Five Myths About Loneliness Resource

15 September 2021


This article and resource was adapted from an article written by Dr Michelle Lim for Health Voices. You can read the original article here.

Loneliness is increasingly recognised as an important issue of many developed countries but the issue is often conflated with social isolation and therefore associated with misconceptions.

Loneliness is the subjective and aversive feeling of social isolation (‘I do not feel in tune with others’) as opposed to objective social isolation (i.e., how many people you know). While loneliness and social isolation are often used together and interchangeably, the concepts are only partially related. Understanding the distinction and relatedness of these concepts is crucial if we were to work towards implementing effective solutions to resolve distressing levels of loneliness. This article outlines five common misconceptions that require rectifying before we can work towards developing and implementing effective solutions to address loneliness.

Loneliness only affects older people

All of us are vulnerable to experiencing loneliness. In more recent years, research studies have consistently indicated that loneliness does not affect only one particular age group. Surprisingly, young people aged 18 to 25 years are particularly vulnerable to feeling lonely, despite being a group that appear to be well-connected through school and technology. In many studies, loneliness affects age groups undergoing social vulnerability, with both younger and older people more likely to be vulnerable.

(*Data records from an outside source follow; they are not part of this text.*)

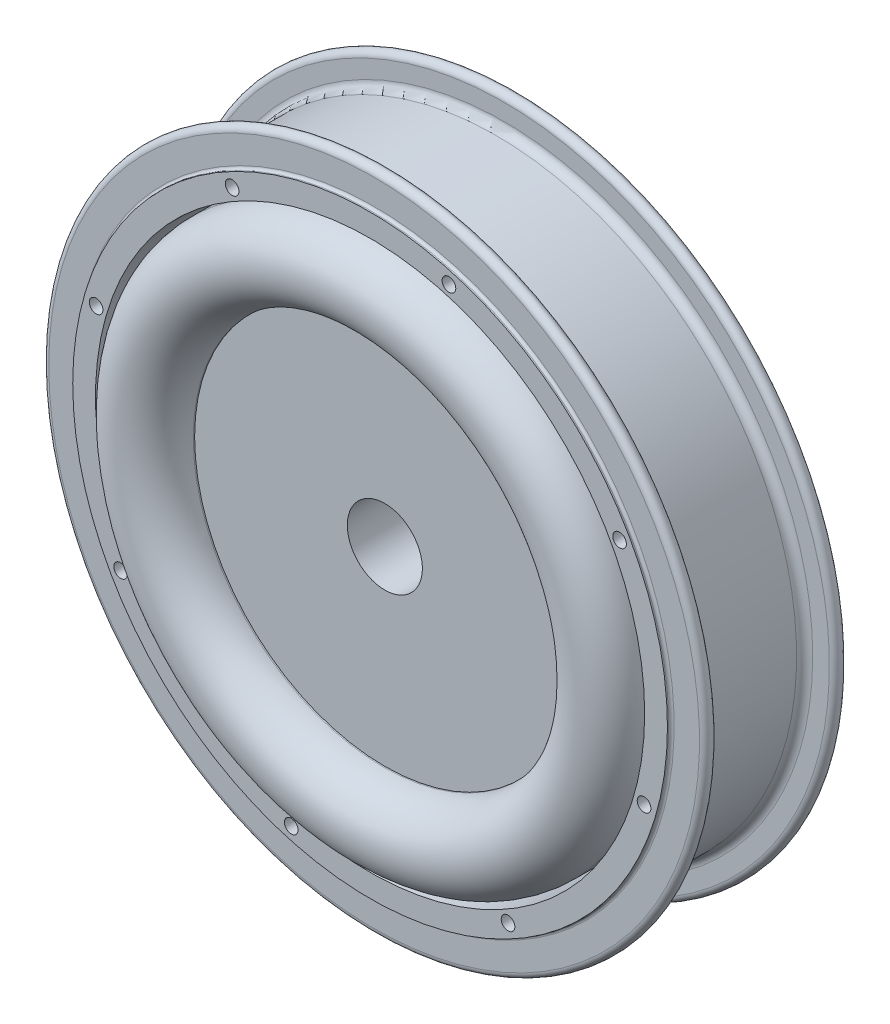
ISO-10303-21;
HEADER;
FILE_DESCRIPTION(('STEP AP214'),'2;1');
FILE_NAME('part.step','',(''),(''),'','','');
FILE_SCHEMA(('AUTOMOTIVE_DESIGN { 1 0 10303 214 1 1 1 1 }'));
ENDSEC;
DATA;
#1=APPLICATION_CONTEXT('core data for automotive mechanical design processes');
#2=APPLICATION_PROTOCOL_DEFINITION('international standard','automotive_design',2000,#1);
#3=PRODUCT_CONTEXT('',#1,'mechanical');
#4=PRODUCT('Part','Part','',(#3));
#5=PRODUCT_RELATED_PRODUCT_CATEGORY('part','',(#4));
#6=PRODUCT_DEFINITION_FORMATION('','',#4);
#7=PRODUCT_DEFINITION_CONTEXT('part definition',#1,'design');
#8=PRODUCT_DEFINITION('design','',#6,#7);
#9=PRODUCT_DEFINITION_SHAPE('','',#8);
#10=(LENGTH_UNIT() NAMED_UNIT(*) SI_UNIT(.MILLI.,.METRE.));
#11=(NAMED_UNIT(*) PLANE_ANGLE_UNIT() SI_UNIT($,.RADIAN.));
#12=(NAMED_UNIT(*) SI_UNIT($,.STERADIAN.) SOLID_ANGLE_UNIT());
#13=UNCERTAINTY_MEASURE_WITH_UNIT(LENGTH_MEASURE(1.E-05),#10,'distance_accuracy_value','');
#14=(GEOMETRIC_REPRESENTATION_CONTEXT(3) GLOBAL_UNCERTAINTY_ASSIGNED_CONTEXT((#13)) GLOBAL_UNIT_ASSIGNED_CONTEXT((#10,
#11,#12)) REPRESENTATION_CONTEXT('',''));
#15=CARTESIAN_POINT('',(0.,0.,0.));
#16=DIRECTION('',(0.,0.,1.));
#17=DIRECTION('',(1.,0.,0.));
#18=AXIS2_PLACEMENT_3D('',#15,#16,#17);
#19=CARTESIAN_POINT('',(0.,0.,28.));
#20=DIRECTION('',(0.,0.,1.));
#21=DIRECTION('',(1.,0.,0.));
#22=AXIS2_PLACEMENT_3D('',#19,#20,#21);
#23=CYLINDRICAL_SURFACE('',#22,71.);
#24=CARTESIAN_POINT('',(0.,0.,50.5));
#25=DIRECTION('',(0.,0.,-1.));
#26=DIRECTION('',(-1.,0.,0.));
#27=AXIS2_PLACEMENT_3D('',#24,#25,#26);
#28=CIRCLE('',#27,71.);
#29=CARTESIAN_POINT('',(-71.,0.,50.5));
#30=VERTEX_POINT('',#29);
#31=EDGE_CURVE('E63',#30,#30,#28,.T.);
#32=ORIENTED_EDGE('',*,*,#31,.T.);
#33=EDGE_LOOP('',(#32));
#34=FACE_BOUND('',#33,.T.);
#35=CARTESIAN_POINT('',(0.,0.,51.));
#36=DIRECTION('',(0.,0.,1.));
#37=DIRECTION('',(1.,0.,0.));
#38=AXIS2_PLACEMENT_3D('',#35,#36,#37);
#39=CIRCLE('',#38,71.);
#40=CARTESIAN_POINT('',(71.,0.,51.));
#41=VERTEX_POINT('',#40);
#42=EDGE_CURVE('E54',#41,#41,#39,.T.);
#43=ORIENTED_EDGE('',*,*,#42,.T.);
#44=EDGE_LOOP('',(#43));
#45=FACE_BOUND('',#44,.T.);
#46=ADVANCED_FACE('F43',(#34,#45),#23,.F.);
#47=CARTESIAN_POINT('',(0.,0.,5.00000000000001));
#48=DIRECTION('',(0.,0.,1.));
#49=DIRECTION('',(1.,0.,0.));
#50=AXIS2_PLACEMENT_3D('',#47,#48,#49);
#51=TOROIDAL_SURFACE('',#50,86.,15.);
#52=CARTESIAN_POINT('',(0.,0.,5.00000000000001));
#53=DIRECTION('',(0.,0.,1.));
#54=DIRECTION('',(1.,0.,0.));
#55=AXIS2_PLACEMENT_3D('',#52,#53,#54);
#56=CIRCLE('',#55,101.);
#57=CARTESIAN_POINT('',(101.,0.,5.00000000000001));
#58=VERTEX_POINT('',#57);
#59=EDGE_CURVE('E11',#58,#58,#56,.T.);
#60=ORIENTED_EDGE('',*,*,#59,.F.);
#61=EDGE_LOOP('',(#60));
#62=FACE_BOUND('',#61,.T.);
#63=CARTESIAN_POINT('',(0.,0.,5.00000000000001));
#64=DIRECTION('',(0.,0.,1.));
#65=DIRECTION('',(1.,0.,0.));
#66=AXIS2_PLACEMENT_3D('',#63,#64,#65);
#67=CIRCLE('',#66,71.);
#68=CARTESIAN_POINT('',(71.,0.,5.00000000000001));
#69=VERTEX_POINT('',#68);
#70=EDGE_CURVE('E58',#69,#69,#67,.T.);
#71=ORIENTED_EDGE('',*,*,#70,.T.);
#72=EDGE_LOOP('',(#71));
#73=FACE_BOUND('',#72,.T.);
#74=ADVANCED_FACE('F45',(#62,#73),#51,.T.);
#75=CARTESIAN_POINT('',(0.,0.,28.));
#76=DIRECTION('',(0.,0.,1.));
#77=DIRECTION('',(1.,0.,0.));
#78=AXIS2_PLACEMENT_3D('',#75,#76,#77);
#79=CYLINDRICAL_SURFACE('',#78,101.);
#80=CARTESIAN_POINT('',(0.,0.,51.));
#81=DIRECTION('',(0.,0.,1.));
#82=DIRECTION('',(1.,0.,0.));
#83=AXIS2_PLACEMENT_3D('',#80,#81,#82);
#84=CIRCLE('',#83,101.);
#85=CARTESIAN_POINT('',(101.,0.,51.));
#86=VERTEX_POINT('',#85);
#87=EDGE_CURVE('E50',#86,#86,#84,.T.);
#88=ORIENTED_EDGE('',*,*,#87,.F.);
#89=EDGE_LOOP('',(#88));
#90=FACE_BOUND('',#89,.T.);
#91=ORIENTED_EDGE('',*,*,#59,.T.);
#92=EDGE_LOOP('',(#91));
#93=FACE_BOUND('',#92,.T.);
#94=ADVANCED_FACE('F96',(#90,#93),#79,.T.);
#95=CARTESIAN_POINT('',(0.,0.,51.));
#96=DIRECTION('',(0.,0.,1.));
#97=DIRECTION('',(1.,0.,0.));
#98=AXIS2_PLACEMENT_3D('',#95,#96,#97);
#99=TOROIDAL_SURFACE('',#98,86.,15.);
#100=ORIENTED_EDGE('',*,*,#42,.F.);
#101=EDGE_LOOP('',(#100));
#102=FACE_BOUND('',#101,.T.);
#103=ORIENTED_EDGE('',*,*,#87,.T.);
#104=EDGE_LOOP('',(#103));
#105=FACE_BOUND('',#104,.T.);
#106=ADVANCED_FACE('F102',(#102,#105),#99,.T.);
#107=CARTESIAN_POINT('',(0.,0.,15.5));
#108=DIRECTION('',(0.,0.,-1.));
#109=DIRECTION('',(-1.,0.,0.));
#110=AXIS2_PLACEMENT_3D('',#107,#108,#109);
#111=CIRCLE('',#110,71.);
#112=CARTESIAN_POINT('',(-71.,0.,15.5));
#113=VERTEX_POINT('',#112);
#114=EDGE_CURVE('E66',#113,#113,#111,.T.);
#115=ORIENTED_EDGE('',*,*,#114,.F.);
#116=EDGE_LOOP('',(#115));
#117=FACE_BOUND('',#116,.T.);
#118=ORIENTED_EDGE('',*,*,#70,.F.);
#119=EDGE_LOOP('',(#118));
#120=FACE_BOUND('',#119,.T.);
#121=ADVANCED_FACE('F92',(#117,#120),#23,.F.);
#122=CARTESIAN_POINT('',(-14.,0.,50.5));
#123=DIRECTION('',(0.,0.,1.));
#124=DIRECTION('',(1.,0.,0.));
#125=AXIS2_PLACEMENT_3D('',#122,#123,#124);
#126=PLANE('',#125);
#127=CARTESIAN_POINT('',(0.,0.,50.5));
#128=DIRECTION('',(0.,0.,-1.));
#129=DIRECTION('',(-1.,0.,0.));
#130=AXIS2_PLACEMENT_3D('',#127,#128,#129);
#131=CIRCLE('',#130,14.);
#132=CARTESIAN_POINT('',(-14.,0.,50.5));
#133=VERTEX_POINT('',#132);
#134=EDGE_CURVE('E72',#133,#133,#131,.T.);
#135=ORIENTED_EDGE('',*,*,#134,.T.);
#136=EDGE_LOOP('',(#135));
#137=FACE_BOUND('',#136,.T.);
#138=ORIENTED_EDGE('',*,*,#31,.F.);
#139=EDGE_LOOP('',(#138));
#140=FACE_BOUND('',#139,.T.);
#141=ADVANCED_FACE('F76',(#137,#140),#126,.T.);
#142=CARTESIAN_POINT('',(-71.,0.,15.5));
#143=DIRECTION('',(0.,0.,-1.));
#144=DIRECTION('',(-1.,0.,0.));
#145=AXIS2_PLACEMENT_3D('',#142,#143,#144);
#146=PLANE('',#145);
#147=ORIENTED_EDGE('',*,*,#114,.T.);
#148=EDGE_LOOP('',(#147));
#149=FACE_BOUND('',#148,.T.);
#150=CARTESIAN_POINT('',(0.,0.,15.5));
#151=DIRECTION('',(0.,0.,-1.));
#152=DIRECTION('',(-1.,0.,0.));
#153=AXIS2_PLACEMENT_3D('',#150,#151,#152);
#154=CIRCLE('',#153,14.);
#155=CARTESIAN_POINT('',(-14.,0.,15.5));
#156=VERTEX_POINT('',#155);
#157=EDGE_CURVE('E69',#156,#156,#154,.T.);
#158=ORIENTED_EDGE('',*,*,#157,.F.);
#159=EDGE_LOOP('',(#158));
#160=FACE_BOUND('',#159,.T.);
#161=ADVANCED_FACE('F81',(#149,#160),#146,.T.);
#162=CARTESIAN_POINT('',(0.,0.,0.));
#163=DIRECTION('',(0.,0.,-1.));
#164=DIRECTION('',(-1.,0.,0.));
#165=AXIS2_PLACEMENT_3D('',#162,#163,#164);
#166=CYLINDRICAL_SURFACE('',#165,14.);
#167=ORIENTED_EDGE('',*,*,#157,.T.);
#168=EDGE_LOOP('',(#167));
#169=FACE_BOUND('',#168,.T.);
#170=ORIENTED_EDGE('',*,*,#134,.F.);
#171=EDGE_LOOP('',(#170));
#172=FACE_BOUND('',#171,.T.);
#173=ADVANCED_FACE('F79',(#169,#172),#166,.F.);
#174=CLOSED_SHELL('',(#46,#74,#94,#106,#121,#141,#161,#173));
#175=MANIFOLD_SOLID_BREP('B2',#174);
#176=CARTESIAN_POINT('',(0.,0.,56.));
#177=DIRECTION('',(0.,0.,-1.));
#178=DIRECTION('',(-1.,0.,0.));
#179=AXIS2_PLACEMENT_3D('',#176,#177,#178);
#180=CYLINDRICAL_SURFACE('',#179,111.);
#181=CARTESIAN_POINT('',(0.,0.,56.));
#182=DIRECTION('',(0.,0.,1.));
#183=DIRECTION('',(1.,0.,0.));
#184=AXIS2_PLACEMENT_3D('',#181,#182,#183);
#185=CIRCLE('',#184,111.);
#186=CARTESIAN_POINT('',(111.,0.,56.));
#187=VERTEX_POINT('',#186);
#188=EDGE_CURVE('E187',#187,#187,#185,.T.);
#189=ORIENTED_EDGE('',*,*,#188,.F.);
#190=EDGE_LOOP('',(#189));
#191=FACE_BOUND('',#190,.T.);
#192=CARTESIAN_POINT('',(0.,0.,55.5));
#193=DIRECTION('',(0.,0.,-1.));
#194=DIRECTION('',(-1.,0.,0.));
#195=AXIS2_PLACEMENT_3D('',#192,#193,#194);
#196=CIRCLE('',#195,111.);
#197=CARTESIAN_POINT('',(-111.,0.,55.5));
#198=VERTEX_POINT('',#197);
#199=EDGE_CURVE('E42',#198,#198,#196,.T.);
#200=ORIENTED_EDGE('',*,*,#199,.F.);
#201=EDGE_LOOP('',(#200));
#202=FACE_BOUND('',#201,.T.);
#203=ADVANCED_FACE('F180',(#191,#202),#180,.T.);
#204=CARTESIAN_POINT('',(0.,0.,56.));
#205=DIRECTION('',(0.,0.,1.));
#206=DIRECTION('',(1.,0.,0.));
#207=AXIS2_PLACEMENT_3D('',#204,#205,#206);
#208=PLANE('',#207);
#209=CARTESIAN_POINT('',(-51.4945917766846,93.1283518267935,56.));
#210=DIRECTION('',(0.,0.,1.));
#211=DIRECTION('',(0.707106781186556,0.707106781186539,0.));
#212=AXIS2_PLACEMENT_3D('',#209,#210,#211);
#213=CIRCLE('',#212,2.54473142682005);
#214=CARTESIAN_POINT('',(-49.6951949284816,94.9277486749965,56.));
#215=VERTEX_POINT('',#214);
#216=EDGE_CURVE('E220',#215,#215,#213,.T.);
#217=ORIENTED_EDGE('',*,*,#216,.F.);
#218=EDGE_LOOP('',(#217));
#219=FACE_BOUND('',#218,.T.);
#220=CARTESIAN_POINT('',(-102.263864137179,29.4395140577255,56.));
#221=DIRECTION('',(0.,0.,1.));
#222=DIRECTION('',(0.,1.,0.));
#223=AXIS2_PLACEMENT_3D('',#220,#221,#222);
#224=CIRCLE('',#223,2.54473142682005);
#225=CARTESIAN_POINT('',(-102.263864137179,31.9842454845455,56.));
#226=VERTEX_POINT('',#225);
#227=EDGE_CURVE('E219',#226,#226,#224,.T.);
#228=ORIENTED_EDGE('',*,*,#227,.F.);
#229=EDGE_LOOP('',(#228));
#230=FACE_BOUND('',#229,.T.);
#231=CARTESIAN_POINT('',(-93.1283518267933,-51.4945917766849,56.));
#232=DIRECTION('',(0.,0.,1.));
#233=DIRECTION('',(-0.707106781186541,0.707106781186554,0.));
#234=AXIS2_PLACEMENT_3D('',#231,#232,#233);
#235=CIRCLE('',#234,2.54473142682005);
#236=CARTESIAN_POINT('',(-94.9277486749963,-49.6951949284819,56.));
#237=VERTEX_POINT('',#236);
#238=EDGE_CURVE('E227',#237,#237,#235,.T.);
#239=ORIENTED_EDGE('',*,*,#238,.F.);
#240=EDGE_LOOP('',(#239));
#241=FACE_BOUND('',#240,.T.);
#242=CARTESIAN_POINT('',(-29.4395140577244,-102.263864137179,56.));
#243=DIRECTION('',(0.,0.,1.));
#244=DIRECTION('',(-1.,0.,0.));
#245=AXIS2_PLACEMENT_3D('',#242,#243,#244);
#246=CIRCLE('',#245,2.54473142682005);
#247=CARTESIAN_POINT('',(-31.9842454845444,-102.263864137179,56.));
#248=VERTEX_POINT('',#247);
#249=EDGE_CURVE('E233',#248,#248,#246,.T.);
#250=ORIENTED_EDGE('',*,*,#249,.F.);
#251=EDGE_LOOP('',(#250));
#252=FACE_BOUND('',#251,.T.);
#253=CARTESIAN_POINT('',(51.4945917766852,-93.1283518267932,56.));
#254=DIRECTION('',(0.,0.,1.));
#255=DIRECTION('',(-0.707106781186551,-0.707106781186544,0.));
#256=AXIS2_PLACEMENT_3D('',#253,#254,#255);
#257=CIRCLE('',#256,2.54473142682005);
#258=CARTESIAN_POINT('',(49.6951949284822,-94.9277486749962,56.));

loneliness myth making friends should be easy

Making friends should be easy

One plausible driver of this misconception could be that many of us forged friendships early on within structured social environments (e.g., school). In these settings, many of us may interact with the same group of people every day and through these repeated interactions over time, strong friendships are forged.

loneliness myth people are a burden

People who are lonely are a burden

We often think that helping people who are lonely will take up a lot of our time and energy. In reality, it requires far less effort than we may think. By taking small, regular steps over time to connect, we can help others to feel included, accepted and belong. This leads to positive mental health and wellbeing outcomes for the whole community.

loneliness myth something is wrong with me

Something is wrong with me

We commonly assume that loneliness only happens to people who are weak or socially inept. In reality, we all encounter people who are lonely in our day to day routines. This is because loneliness is an innate signal to connect, similar to a signal to eat when you feel hungry. The desire to connect is normal, since humans have evolved and thrived within social groups since the beginning of time. Humans are social species who thrive and flourish through strong, meaningful connections with others.

loneliness myth i need to know more people

I need to know more people

Our social needs are complex – many people who live alone do not feel lonely, and many who live with others report feeling lonely. People who are well connected within a social network may also report conflict and stress. Loneliness is more related to the quality, rather than quantity, of our social relations. More recently, the term ‘Loneliness Paradox’ has been used to describe how in modern life, we are more connected than ever, and yet continue to feel disconnected from others. This is an example of how the number of people you know may not adequately meet your social needs.